* [Records for this task]
◆ ◆ ◆ ◆ ◆ ◆ ◆

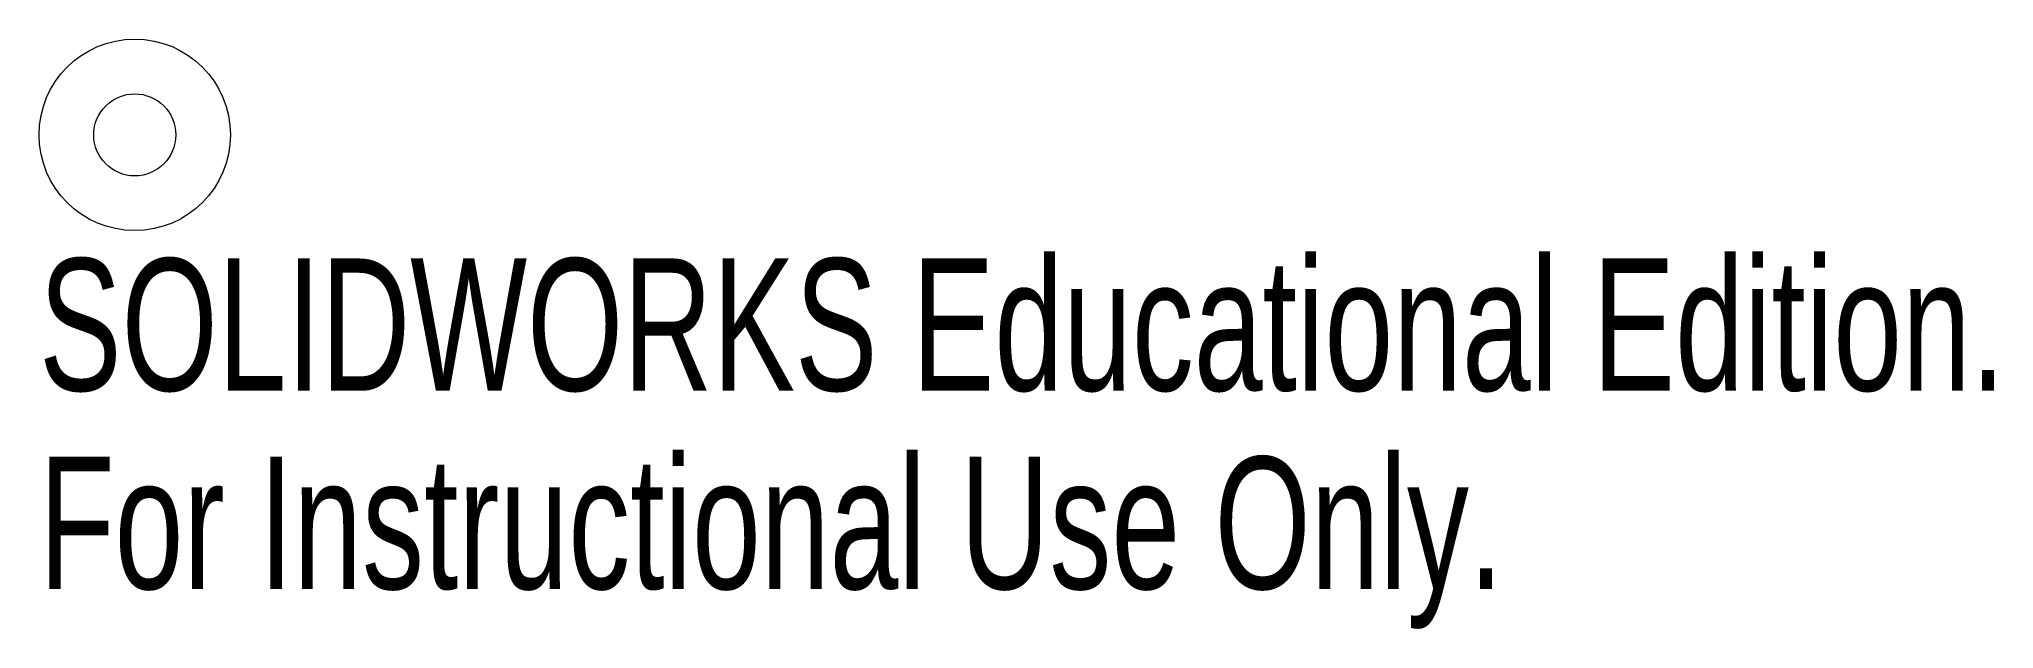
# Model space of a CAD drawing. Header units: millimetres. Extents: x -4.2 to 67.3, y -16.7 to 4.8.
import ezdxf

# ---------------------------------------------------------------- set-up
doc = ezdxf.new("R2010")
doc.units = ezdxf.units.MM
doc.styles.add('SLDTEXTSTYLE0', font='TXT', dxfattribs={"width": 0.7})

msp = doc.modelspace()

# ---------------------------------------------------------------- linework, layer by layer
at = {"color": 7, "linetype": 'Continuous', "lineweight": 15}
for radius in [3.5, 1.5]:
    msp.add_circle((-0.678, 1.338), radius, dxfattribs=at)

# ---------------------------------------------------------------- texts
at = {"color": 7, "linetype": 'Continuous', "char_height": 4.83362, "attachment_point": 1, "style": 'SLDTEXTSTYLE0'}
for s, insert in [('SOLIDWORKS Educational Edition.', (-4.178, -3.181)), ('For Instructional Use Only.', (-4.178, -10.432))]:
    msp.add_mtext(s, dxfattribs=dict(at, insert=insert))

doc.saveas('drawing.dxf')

◆ ◆ ◆ ◆ ◆ ◆ ◆

* [Task details] Present each line from the listing that holds the string "Continuous".

* [Exercise output]
at = {"color": 7, "linetype": 'Continuous', "lineweight": 15}
at = {"color": 7, "linetype": 'Continuous', "char_height": 4.83362, "attachment_point": 1, "style": 'SLDTEXTSTYLE0'}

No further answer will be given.